Load-balancing software and/or hardware spreads requests across multiple front-end servers, and includes failure detection for frontend servers. Several different load-balancing techniques exist, with different levels of complexity: random, adaptive, stateful, adaptive and stateful.
Session management stores state information in clients and a backend server, not in the frontend servers. Client state can easily be distributed across multiple state servers. Typically session information is not highly confidential and may be stored inside the DMZ.
SSL sessions are segregated from regular HTTP sessions. SSL servers
have hardware for encryption.
Allocating data to partitions is difficult. The objective is to avoid hot spots. We need tools to split and merge partitions. A large multiprocessor system can replace multiple partitions, but is usually more expensive.
The most complex sites use other applications, encapsulated as objects,
e.g. Enterprise Java beans. Other applications include legacy databases,
existing enterprise software e.g. for manufacturing planning, external
ad servers.
There are two main types of app server: page-based and component-based. PHP is page-based, while EJB (Enterprise Java Beans) is the most common among component-based. For an overview see http://www.zdnet.com/filters/printerfriendly/0,6061,2713465-50,00.html
Code for generating displays is mixed with HTML output code. This reduces modularity and makes developing multiple alternative interfaces difficult. On the other hand prototyping is easy.
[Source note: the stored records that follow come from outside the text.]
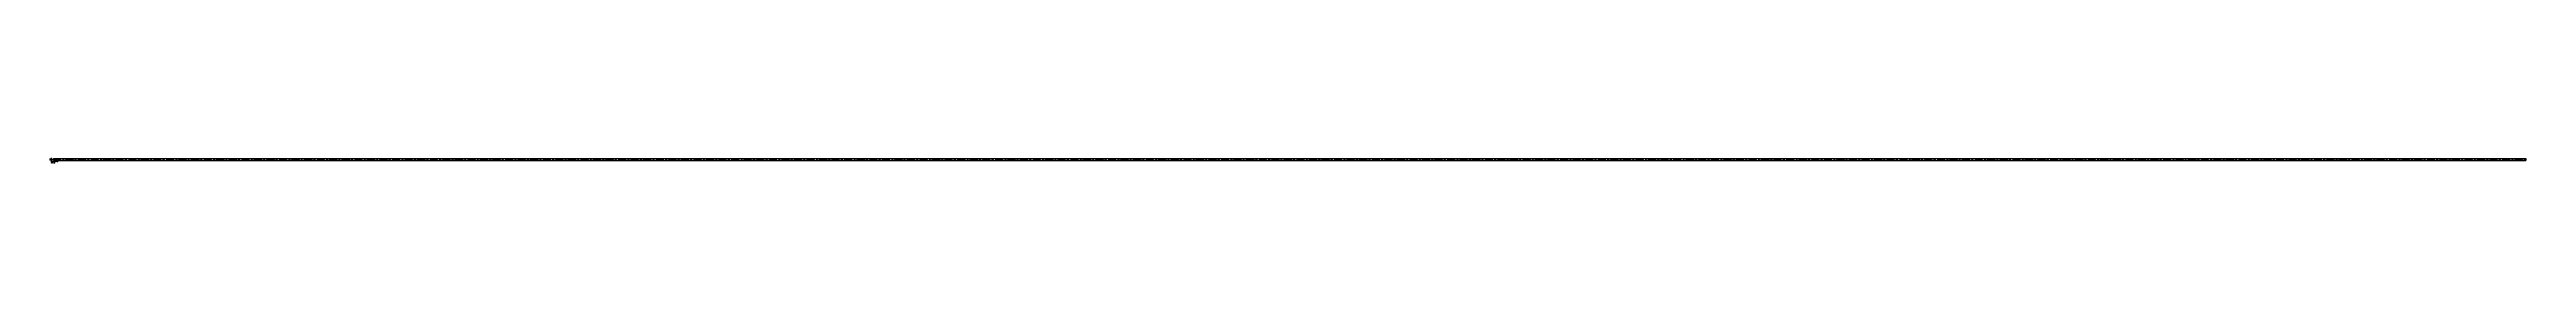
# Model space of a CAD drawing. Extents: x -6 to 10012, y -15 to 6.
import ezdxf

# ---------------------------------------------------------------- set-up
doc = ezdxf.new("R2010")
doc.units = 0
doc.linetypes.add('CENTER', pattern=[50.8, 31.75, -6.35, 6.35, -6.35])
doc.linetypes.add('DASHED', pattern=[19.05, 12.7, -6.35])
doc.layers.get('0').update_dxf_attribs({"linetype": 'CONTINUOUS'})
doc.layers.add('CENTER', color=1, linetype='CENTER')
doc.styles.get("Standard").update_dxf_attribs({"font": 'txt.shx', "height": 3, "bigfont": 'bigfont.shx'})

msp = doc.modelspace()

# ---------------------------------------------------------------- linework, layer by layer
at = {"color": 7, "linetype": 'CONTINUOUS'}
for p, q in [((10, 4), (10, -4)), ((10, 4), (10010, 4)), ((10010, 4), (10010, -4)), ((10, -4), (10010, -4))]:
    msp.add_line(p, q, dxfattribs=at)
at = {"color": 3, "linetype": 'DASHED'}
for p, q in [((10, 3), (10010, 3)), ((10, -3), (10010, -3))]:
    msp.add_line(p, q, dxfattribs=at)
at = {"color": 7, "linetype": 'CONTINUOUS'}
for radius in [4, 3]:
    msp.add_circle((0, 0), radius, dxfattribs=at)
at = {"layer": 'CENTER', "color": 1, "linetype": 'CENTER'}
for p, q in [((6, 0), (-6, 0)), ((0, 6), (0, -6)), ((8, 0), (10012, 0))]:
    msp.add_line(p, q, dxfattribs=at)

# ---------------------------------------------------------------- texts
at = {"color": 7, "linetype": 'CONTINUOUS'}
for s, p in [('PUTN8-10-B', (0, -10)), ('PUTN08', (0, -15))]:
    msp.add_text(s, height=3, dxfattribs=at).set_placement(p)

doc.saveas('drawing.dxf')

ColdFusion has fail-over and load-balancing between servers. PHP version 4 and ASP.NET have compilation to byte-code. Other performance features include caching. Early implementations had poor performance and scalability, but the latest versions can be very good.
Typically, page-based app servers do not provide script-level multithreading,
or Java support. They typically do have the ability to invoke other
servers, e.g. via CORBA (common object request broker architecture), Microsoft
COM (common object model), SOAP (simple object access protocol), and
HTTP.
The platforms provide
New modules of code can encapsulate existing databases and other servers. Different modules can provide different displays. EJBs have three main types: session beans, entity beans, and message-driven beans.
The importance of Java may decline because Sun and Microsoft both support SOAP and XML.
The scalability of component-based servers is not as good as suggested
by the hype from vendors. One concrete case study reports 4000 users
at 177 pages per second on six servers: two web, three application, one
Oracle. Extreme scalability requires custom architecture and software,
and traditional computer science design principles.